Ruleset debug/VM code analysis
In the kernel, nf_tables is implemented as a virtual machine with its own instruction set. The kernel's expressions implement such instructions. In user space, the mapping is not (necessarily) as direct as this.
Statements and expressions in user space
In user space nomenclature, a distinction is made between statements and expressions; the relevant difference is that the former are valid parts of a rule on their own while the latter usually appear as parameter or input to a statement. For instance, take the following payload statement:
ip dscp set 42
Here, ip dscp is an expression identifying what part of the packet payload to mangle, 42 is a constant expression holding the value to assign. There are certain limits as to what may appear after the set keyword, nft does some type checking to make sure it is compatible. But to illustrate the power this concept has, take the following example:
tcp dport set tcp sport
This will mangle a TCP packet's destination port to match whatever its source port value may be. Albeit a bit constructed, this is an example of a statement accepting data from two expressions.

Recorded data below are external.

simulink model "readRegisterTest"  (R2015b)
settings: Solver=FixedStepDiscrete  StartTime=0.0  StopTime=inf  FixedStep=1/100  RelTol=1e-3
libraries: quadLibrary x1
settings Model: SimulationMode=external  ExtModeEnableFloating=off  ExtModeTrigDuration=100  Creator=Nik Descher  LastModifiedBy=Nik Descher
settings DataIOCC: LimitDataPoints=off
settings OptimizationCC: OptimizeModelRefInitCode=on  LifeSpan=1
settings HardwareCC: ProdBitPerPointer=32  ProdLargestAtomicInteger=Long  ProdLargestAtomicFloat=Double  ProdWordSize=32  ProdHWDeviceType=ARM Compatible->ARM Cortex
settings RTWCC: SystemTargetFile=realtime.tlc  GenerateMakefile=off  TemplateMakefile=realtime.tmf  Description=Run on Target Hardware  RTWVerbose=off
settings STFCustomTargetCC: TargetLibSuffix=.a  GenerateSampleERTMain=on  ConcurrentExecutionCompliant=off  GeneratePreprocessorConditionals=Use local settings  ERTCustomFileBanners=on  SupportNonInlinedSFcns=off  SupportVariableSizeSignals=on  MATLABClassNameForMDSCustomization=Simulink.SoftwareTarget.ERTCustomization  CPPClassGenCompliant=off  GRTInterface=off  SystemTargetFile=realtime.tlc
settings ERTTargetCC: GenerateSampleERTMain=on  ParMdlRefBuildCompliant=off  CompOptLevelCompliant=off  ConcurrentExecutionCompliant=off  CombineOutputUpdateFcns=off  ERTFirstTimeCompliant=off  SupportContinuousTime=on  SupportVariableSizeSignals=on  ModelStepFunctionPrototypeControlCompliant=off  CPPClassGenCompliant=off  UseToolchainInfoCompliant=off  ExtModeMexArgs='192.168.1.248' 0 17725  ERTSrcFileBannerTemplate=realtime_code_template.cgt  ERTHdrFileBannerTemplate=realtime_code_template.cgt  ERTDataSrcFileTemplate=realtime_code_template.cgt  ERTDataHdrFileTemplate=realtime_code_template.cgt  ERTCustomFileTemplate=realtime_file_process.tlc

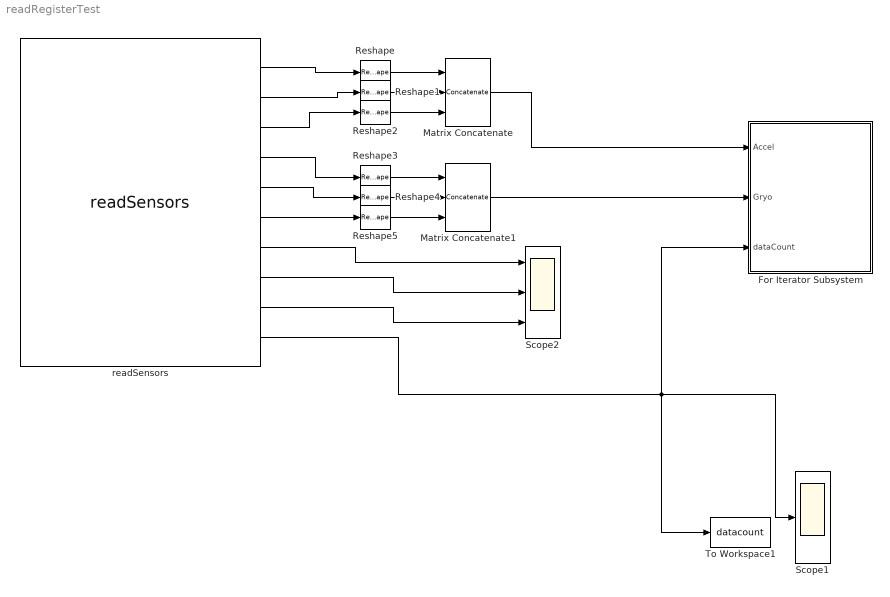
== system readRegisterTest ==
  For Iterator Subsystem : Subsystem  TreatAsAtomicUnit=on
  Matrix Concatenate : Concatenate  NumInputs=3  Mode=Multidimensional array
  Matrix Concatenate1 : Concatenate  NumInputs=3  Mode=Multidimensional array
  Reshape{,1..5} (6 alike) : Reshape  OutputDimensionality=Row vector (2-D)
  Scope1 : Scope
  Scope2 : Scope  NumInputPorts=3
  To Workspace1 : ToWorkspace  VariableName=datacount  SaveFormat=Structure With Time  SampleTime=-1
  readSensors : quadLibrary/readSensors
  wires:
  readSensors/1 -> Reshape/1
  readSensors/2 -> Reshape1/1
  readSensors/3 -> Reshape2/1
  readSensors/4 -> Reshape3/1
  readSensors/5 -> Reshape4/1
  readSensors/6 -> Reshape5/1
  Matrix Concatenate/1 -> For Iterator Subsystem/1(Accel)
  Matrix Concatenate1/1 -> For Iterator Subsystem/2(Gryo)
  Reshape/1 -> Matrix Concatenate/1
  Reshape1/1 -> Matrix Concatenate/2
  Reshape2/1 -> Matrix Concatenate/3
  Reshape3/1 -> Matrix Concatenate1/1
  Reshape4/1 -> Matrix Concatenate1/2
  Reshape5/1 -> Matrix Concatenate1/3
  readSensors/7 -> Scope2/1
  readSensors/8 -> Scope2/2
  readSensors/9 -> Scope2/3
  readSensors/10 -> For Iterator Subsystem/3(dataCount), To Workspace1/1, Scope1/1

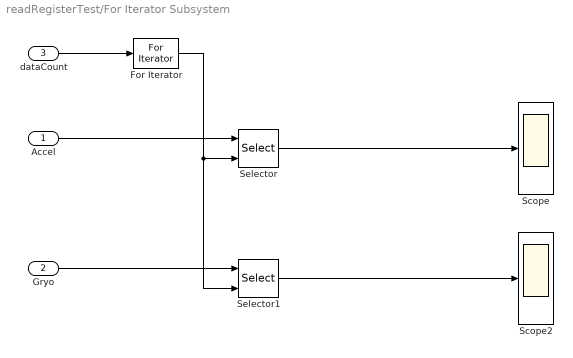
== system readRegisterTest/For Iterator Subsystem ==
  Accel : Inport
  Gryo : Inport  Port=2
  dataCount : Inport  Port=3
  For Iterator : ForIterator  IterationSource=external
  Scope : Scope
  Scope2 : Scope
  Selector : Selector  NumberOfDimensions=2  InputPortWidth=3  IndexOptions=Index vector (dialog),Index vector (port)  Indices=[1 2 3],1  OutputSizes=1,1
  Selector1 : Selector  NumberOfDimensions=2  InputPortWidth=3  IndexOptions=Index vector (dialog),Index vector (port)  Indices=[1 2 3],1  OutputSizes=1,1
  wires:
  dataCount/1 -> For Iterator/1
  Accel/1 -> Selector/1
  For Iterator/1 -> Selector1/2, Selector/2
  Selector/1 -> Scope/1
  Gryo/1 -> Selector1/1
  Selector1/1 -> Scope2/1
simulink model "SF015A_WhlImbRejctn"  (R2013b)
settings: Solver=FixedStepDiscrete  SolverMode=SingleTasking  StartTime=0.0  StopTime=1  FixedStep=0.002  RelTol=1e-3
undefined symbols (not defined in the file): ACTIVBANDMAX_ULS_U32, ADAPVFILMAX_ULS_F32, ADJOUTPMAX_ULS_F32, ARCHGLBPRM_180OVERPI_ULS_F32, ARCHGLBPRM_2MILLISEC_SEC_F32, ARCHGLBPRM_2PI_ULS_F32, ARCHGLBPRM_FLOATZEROTHD_ULS_F32, ARCHGLBPRM_PI_ULS_F32, ARCHGLBPRM_PIOVER180_ULS_F32, ARCHGLBPRM_PIOVER2_ULS_F32, CALMINSPERCOUNT_ULS_F32, Cntr, DURATIONDISABLE_CNT_U16, FILTWHLSPDMAX_MOTRADPERSEC_F32, FRQMIN_ULS_F32, MICROSECTOMILLISEC_ULS_F32, MINSTOMILLISEC_ULS_F32, NINETY_ULS_F32, NODEBSTEP_CNT_U16, NROFDLY_CNT_U08, NtcSts1, NvmGetErrSts1, ONEHALF_ULS_F32, ONEHUNDRED_ULS_F32, ONEOVRTHREE_ULS_F32, ONEOVRTWENTY_ULS_F32, ONETHOUSAND_ULS_F32, PEAKMAX_ULS_F32, PEAKMIN_ULS_F32, PHAADJMAX_ULS_F32, PITIMESSAMPLETIME_ULS_F32, SigQlfr1, STOREDMINSPERCOUNT_ULS_F32, Sts, SysSt1, TWO_ULS_F32, TWOOVRTHREE_ULS_F32, UGRFILMAX_ULS_F32, WhlImbRejctnAdpvFac, WhlImbRejctnAutScaEna, WhlImbRejctnAutScaTar, WhlImbRejctnCurrMgnSlewPerLoop, WhlImbRejctnDcTrendFltRcvryDly, WhlImbRejctnDcTrendFltRcvryNegStep, WhlImbRejctnDcTrendFltRcvryPosStep, WhlImbRejctnDcTrendFltRcvryThd, WhlImbRejctnDcTrendTh2Tq, WhlImbRejctnDcTrendThTq, WhlImbRejctnDcTrendTi2Sec, WhlImbRejctnDcTrendTiSec, WhlImbRejctnEnaSlewPerLoop, WhlImbRejctnFctEna, WhlImbRejctnFltNtc, WhlImbRejctnFrqDiagcAmpThd, WhlImbRejctnFrqDiagcEna, WhlImbRejctnFrqDiagcFltRcvryDly, WhlImbRejctnFrqDiagcFltRcvryNegStep, WhlImbRejctnFrqDiagcFltRcvryPosStep, WhlImbRejctnFrqDiagcFltRcvryThd, WhlImbRejctnFrqDiagcThd ... (+30)
libraries: FixdToFloat x32, simulink x26, NxtrLim x25, Fil x20, NxtrAbslt x9, NxtrMath x7, NxtrMax x6, NxtrMin x4, NxtrNvM x2, FloatToFixd x2, LnrIntrpn x2, NxtrSign x1
(part 10 of 14)

== system SF015A_WhlImbRejctn/WhlImbRejctn/WhlImbRejctnPer1/WIR Diagnostics/DcTrendDiag/Fault_RcvryPath/FaultReset_Rcvry_False ==
  Action Port : ActionPort  ActionType=else
  Constant1 : Constant  OutDataTypeStr=boolean
  CopyRight2 : Subsystem  Description=|  mask(Copyright Information){none=on}
      | Copyright info block.                                               
      |                                                                     
      | Place copyright information at the top of every subsystem in design.
      mask prompts: none "No parameters"
      mask help: Place copyright information at the top of every subsystem in design.
      mask Display:
      | NxtrConf = 'Nexteer Confidential';
      | 
      | sys = bdroot; %handle for the current model ("system")
      | first = get_param(sys,'Created');
      | first = first(end-3:end);  %year is last four digits
      | 
      | last = get_param(sys,'LastModifiedDate');
      | if isempty(last)
      |     last = datestr(now,'yyyy');
      | else
      |     last = last(end-3:end);
      | end
      | 
      | if strcmp(first,last)
      |     fprintf('%s -- Copyright %s Nexteer',NxtrConf,first)
      | else
      |     fprintf('%s -- %s%s- %s Nexteer',NxtrConf,char(169),first,last)
      | end
  Out1 : Outport
  wires:
  Constant1/1 -> Out1/1

== system SF015A_WhlImbRejctn/WhlImbRejctn/WhlImbRejctnPer1/WIR Diagnostics/DcTrendDiag/Fault_RcvryPath/FaultReset_Rcvry_True ==
  Action Port : ActionPort  ActionType=then
  Constant1 : Constant  Value=0  OutDataTypeStr=boolean
  Constant15 : Constant  Value=0  OutDataTypeStr=boolean
  CopyRight2 : Subsystem  Description=|  mask(Copyright Information){none=on}
      | Copyright info block.                                               
      |                                                                     
      | Place copyright information at the top of every subsystem in design.
      mask prompts: none "No parameters"
      mask help: Place copyright information at the top of every subsystem in design.
      mask Display:
      | NxtrConf = 'Nexteer Confidential';
      | 
      | sys = bdroot; %handle for the current model ("system")
      | first = get_param(sys,'Created');
      | first = first(end-3:end);  %year is last four digits
      | 
      | last = get_param(sys,'LastModifiedDate');
      | if isempty(last)
      |     last = datestr(now,'yyyy');
      | else
      |     last = last(end-3:end);
      | end
      | 
      | if strcmp(first,last)
      |     fprintf('%s -- Copyright %s Nexteer',NxtrConf,first)
      | else
      |     fprintf('%s -- %s%s- %s Nexteer',NxtrConf,char(169),first,last)
      | end
  Data Store Write2 : DataStoreWrite  Priority=2  DataStoreName=DcTrendFltRst
      settings: AttributesFormatString=Priority:%<Priority>
  Out1 : Outport
  wires:
  Constant1/1 -> Out1/1
  Constant15/1 -> Data Store Write2/1

== system SF015A_WhlImbRejctn/WhlImbRejctn/WhlImbRejctnPer1/WIR Diagnostics/DcTrendDiag/HoldPrevFltPath/CopyRight2 ==

== system SF015A_WhlImbRejctn/WhlImbRejctn/WhlImbRejctnPer1/WIR Diagnostics/DcTrendDiag/NoFault/CopyRight2 ==

== system SF015A_WhlImbRejctn/WhlImbRejctn/WhlImbRejctnPer1/WIR Diagnostics/FrequencyDiag/EnableDiag/CopyRight2 ==

== system SF015A_WhlImbRejctn/WhlImbRejctn/WhlImbRejctnPer1/WIR Diagnostics/FrequencyDiag/EnableDiag/Notch Comparison ==
  WIRCmdAmp : Inport
  FreqEst : Inport  Port=2
  WIRCmd : Inport  Port=3
  Enable : Inport  Port=4
  Abslt_f32_f32 : NxtrAbslt/Abslt_f32_f32  SFunctionSpec=single y1 = Abslt_f32_f32(single u1)
      settings: AttributesFormatString=%<Name>
  Constant1 : Constant  Value=WhlImbRejctnFrqDiagcAmpThd
  Constant13 : Constant  Value=0  OutDataTypeStr=boolean
  Constant2 : Constant  Value=WhlImbRejctnFrqDiagcTout
  Constant3 : Constant  Value=WhlImbRejctnFrqDiagcUgrPoleMgn
  Constant5 : Constant  Value=ARCHGLBPRM_FLOATZEROTHD_ULS_F32
  Constant9 : Constant  Value=WhlImbRejctnFrqDiagcThd
  CopyRight2 : Subsystem  Description=|  mask(Copyright Information){none=on}
      | Copyright info block.                                               
      |                                                                     
      | Place copyright information at the top of every subsystem in design.
      mask prompts: none "No parameters"
      mask help: Place copyright information at the top of every subsystem in design.
      mask Display:
      | NxtrConf = 'Nexteer Confidential';
      | 
      | sys = bdroot; %handle for the current model ("system")
      | first = get_param(sys,'Created');
      | if(isempty(first))
      |     first = datestr(now,'yyyy');
      | else
      |     first = first(end-3:end);  %year is last four digits
      | end
      | 
      | last = get_param(sys,'LastModifiedDate');
      | if isempty(last)
      |     last = datestr(now,'yyyy');
      | else
      |     last = last(end-3:end);
      | end
      | 
      | if strcmp(first,last)
      |     fprintf('%s -- Copyright %s Nexteer',NxtrConf,first)
      | else
      |     fprintf('%s -- %s%s- %s Nexteer',NxtrConf,char(169),first,last)
      | end
  ElapsedTime1 : Subsystem  TreatAsAtomicUnit=on
  FilLpUpdOutp : Fil/FilLpUpdOutp  StVar=FrqDiagcLpFil
      settings: AttributesFormatString=StVar: %<StVar>
  FixdToFloat_f32_u16 : FixdToFloat/FixdToFloat_f32_u16  Param1=0
  If5 : If  RequirementInfo={} %GIDa_98ff608d_c644_4aa2_9a92_3c9a2869e17e  IfExpression=u1
  Logical Operator1 : Logic  Inputs=3  AllPortsSameDT=off  OutDataTypeStr=boolean
  Logical Operator2 : Logic  AllPortsSameDT=off  OutDataTypeStr=boolean
  Merge5 : Merge
  Relational Operator1 : RelationalOperator  OutDataTypeStr=boolean
  Relational Operator2 : RelationalOperator  OutDataTypeStr=boolean
  Relational Operator3 : RelationalOperator  OutDataTypeStr=boolean
  Relational Operator5 : RelationalOperator  Operator=>  OutDataTypeStr=boolean
  Right_AutoScale : Subsystem  RequirementInfo={} %GIDa_20d67189_dca2_4a4f_988d_a191b17e5a4b  TreatAsAtomicUnit=on
  Right_noAutoScale : Subsystem  RequirementInfo={} %GIDa_b25f28e4_4eee_4fed_ae94_c1957cc98e0b  TreatAsAtomicUnit=on
  Sum1 : Sum  Inputs=|+-
  "UGR " : Subsystem
  FreqDiag : Outport
  wires:
  WIRCmdAmp/1 -> [WIRCmdAmp]
  WIRCmd/1 -> [WIRCmd]
  [FreqEst] -> "UGR "/2(FreqEst_Hz)
  [WIRCmd] -> "UGR "/1(y), Sum1/1
  "UGR "/1(y Filt) -> Sum1/2
  Sum1/1 -> Abslt_f32_f32/1
  Abslt_f32_f32/1 -> FilLpUpdOutp/1
  FilLpUpdOutp/1 -> Relational Operator1/1
  Constant9/1 -> Relational Operator1/2
  FreqEst/1 -> [FreqEst]
  Merge5/1 -> FreqDiag/1
  ElapsedTime1/1(ElapsedTime) -> Relational Operator2/1
  [WIRCmdAmp] -> Relational Operator3/1
  Constant1/1 -> Relational Operator3/2
  Logical Operator1/1 -> ElapsedTime1/1(FltStsTrue)
  Enable/1 -> [Enable]
  Logical Operator2/1 -> If5/1
  Relational Operator1/1 -> Logical Operator1/1
  Constant5/1 -> Relational Operator5/2
  [Enable] -> Relational Operator5/1
  Relational Operator3/1 -> Logical Operator2/1, Logical Operator1/2
  Relational Operator5/1 -> Logical Operator2/2, Logical Operator1/3
  Constant3/1 -> "UGR "/3(PoleMag)
  If5/1 -> Right_AutoScale/Action
  If5/2 -> Right_noAutoScale/Action
  Right_AutoScale/1(Output) -> Merge5/1
  Right_noAutoScale/1(Output) -> Merge5/2
  Relational Operator2/1 -> Right_AutoScale/1(Input)
  Constant13/1 -> Right_noAutoScale/1(Input)
  FixdToFloat_f32_u16/1 -> Relational Operator2/2
  Constant2/1 -> FixdToFloat_f32_u16/1

== system SF015A_WhlImbRejctn/WhlImbRejctn/WhlImbRejctnPer1/WIR Diagnostics/FrequencyDiag/Fault_RcvryPath/CopyRight2 ==

== system SF015A_WhlImbRejctn/WhlImbRejctn/WhlImbRejctnPer1/WIR Diagnostics/FrequencyDiag/Fault_RcvryPath/FaultReset_Rcvry_False ==
  Action Port : ActionPort  ActionType=else
  Constant1 : Constant  OutDataTypeStr=boolean
  CopyRight2 : Subsystem  Description=|  mask(Copyright Information){none=on}
      | Copyright info block.                                               
      |                                                                     
      | Place copyright information at the top of every subsystem in design.
      mask prompts: none "No parameters"
      mask help: Place copyright information at the top of every subsystem in design.
      mask Display:
      | NxtrConf = 'Nexteer Confidential';
      | 
      | sys = bdroot; %handle for the current model ("system")
      | first = get_param(sys,'Created');
      | first = first(end-3:end);  %year is last four digits
      | 
      | last = get_param(sys,'LastModifiedDate');
      | if isempty(last)
      |     last = datestr(now,'yyyy');
      | else
      |     last = last(end-3:end);
      | end
      | 
      | if strcmp(first,last)
      |     fprintf('%s -- Copyright %s Nexteer',NxtrConf,first)
      | else
      |     fprintf('%s -- %s%s- %s Nexteer',NxtrConf,char(169),first,last)
      | end
  Out1 : Outport
  wires:
  Constant1/1 -> Out1/1

== system SF015A_WhlImbRejctn/WhlImbRejctn/WhlImbRejctnPer1/WIR Diagnostics/FrequencyDiag/Fault_RcvryPath/FaultReset_Rcvry_True ==
  Action Port : ActionPort  ActionType=then
  Constant1 : Constant  Value=0  OutDataTypeStr=boolean
  Constant15 : Constant  Value=0  OutDataTypeStr=boolean
  CopyRight2 : Subsystem  Description=|  mask(Copyright Information){none=on}
      | Copyright info block.                                               
      |                                                                     
      | Place copyright information at the top of every subsystem in design.
      mask prompts: none "No parameters"
      mask help: Place copyright information at the top of every subsystem in design.
      mask Display:
      | NxtrConf = 'Nexteer Confidential';
      | 
      | sys = bdroot; %handle for the current model ("system")
      | first = get_param(sys,'Created');
      | first = first(end-3:end);  %year is last four digits
      | 
      | last = get_param(sys,'LastModifiedDate');
      | if isempty(last)
      |     last = datestr(now,'yyyy');
      | else
      |     last = last(end-3:end);
      | end
      | 
      | if strcmp(first,last)
      |     fprintf('%s -- Copyright %s Nexteer',NxtrConf,first)
      | else
      |     fprintf('%s -- %s%s- %s Nexteer',NxtrConf,char(169),first,last)
      | end
  Data Store Write2 : DataStoreWrite  Priority=2  DataStoreName=FrqDiagcFltRst
      settings: AttributesFormatString=Priority:%<Priority>
  Out1 : Outport
  wires:
  Constant1/1 -> Out1/1
  Constant15/1 -> Data Store Write2/1

== system SF015A_WhlImbRejctn/WhlImbRejctn/WhlImbRejctnPer1/WIR Diagnostics/FrequencyDiag/FreqDiagFault/CopyRight2 ==

== system SF015A_WhlImbRejctn/WhlImbRejctn/WhlImbRejctnPer1/WIR Diagnostics/FrequencyDiag/NoDiag/CopyRight2 ==

== system SF015A_WhlImbRejctn/WhlImbRejctn/WhlImbRejctnPer1/WIR Diagnostics/FrequencyDiag/NoFault/CopyRight2 ==

== system SF015A_WhlImbRejctn/WhlImbRejctn/WhlImbRejctnPer1/WIR Diagnostics/FrequencyDiag/NoFaultPath/CopyRight2 ==

== system SF015A_WhlImbRejctn/WhlImbRejctn/WhlImbRejctnPer1/WIR Diagnostics/MaxMagDiag/Fault_RcvryPath/CopyRight2 ==

== system SF015A_WhlImbRejctn/WhlImbRejctn/WhlImbRejctnPer1/WIR Diagnostics/MaxMagDiag/Fault_RcvryPath/FaultReset_Rcvry_False ==
  Action Port : ActionPort
  Constant1 : Constant  OutDataTypeStr=boolean
  CopyRight2 : Subsystem  Description=|  mask(Copyright Information){none=on}
      | Copyright info block.                                               
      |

Expressions in kernel space
The kernel does not have the concept of a statement. There are merely expressions (instructions) loading data from or writing to registers, thereby interacting with each other. Aside from twenty general purpose data registers (each sized four bytes), there is a single verdict register used to terminate rule or even chain traversal available to expressions.
VM bytecode in action
When nft translates user input into VM code for the kernel, it translates from statements and expressions as user space knows them into VM code calling kernel's expressions. Passing the --debug=netlink option makes this visual:
nft --debug=netlink add rule inet t c ip daddr 10.1.2.3 counter accept inet t c [ meta load nfproto => reg 1 ] [ cmp eq reg 1 0x00000002 ] [ payload load 4b @ network header + 16 => reg 1 ] [ cmp eq reg 1 0x0302010a ] [ counter pkts 0 bytes 0 ] [ immediate reg 0 accept ]
The rule added by the command above matches the packet's IPv4 Destination Address field against the value 10.1.2.3, counts matching packets and finally accepts them (thereby ending chain traversal for this packet.
The printed VM bytecode reveals a few more interesting details:
- The rule actually starts with a match on meta nfproto value: Because the chain resides in inet family, it may see packets other than IPv4 ones as well. This filtering is necessary because:
- User space's ip daddr expression is actually very generic: The payload expression it translates into merely loads 4B from the network header at offset 16B into register 1. With an IPv6 packet, this would happily load parts of the Source Address field, which might even match the value 0x0302010a by accident. To avoid such unexpected (and unforseeable) behaviour, the implicit meta nfproto match is required.
- Packet matching is often implicit: The second expression, comparing meta nfproto value against 0x02 (= NFPROTO_IPV4) for equality (eq). If not successful, it will write the value NFT_BREAK into the verdict register and chain traversal continues with the next rule.
- Contrary to the above, the last expression is an explicit access to the verdict register (reg 0), writing NF_ACCEPT.
Statements in VM bytecode
Picking up one of the examples above:
nft --debug=netlink add rule t c tcp dport set tcp sport ip t c [ meta load l4proto => reg 1 ] [ cmp eq reg 1 0x00000006 ] [ payload load 2b @ transport header + 0 => reg 1 ] [ payload write reg 1 => 2b @ transport header + 2 csum_type 1 csum_off 16 csum_flags 0x0 ]
This reveals how payload statement is actually just a variant of the kernel's 'payload expression which writes instead of reads. Some further observations:
- There is again an implicit match present, this time to assert meta l4proto matches the value 0x6 (= IPPROTO_TCP). Again to make sure the following payload expressions don't read garbage or write to odd parts of the packet.
- The second 'payload expression also holds extra information for a partial checksum update which is necessary after mangling an IPv4 packet.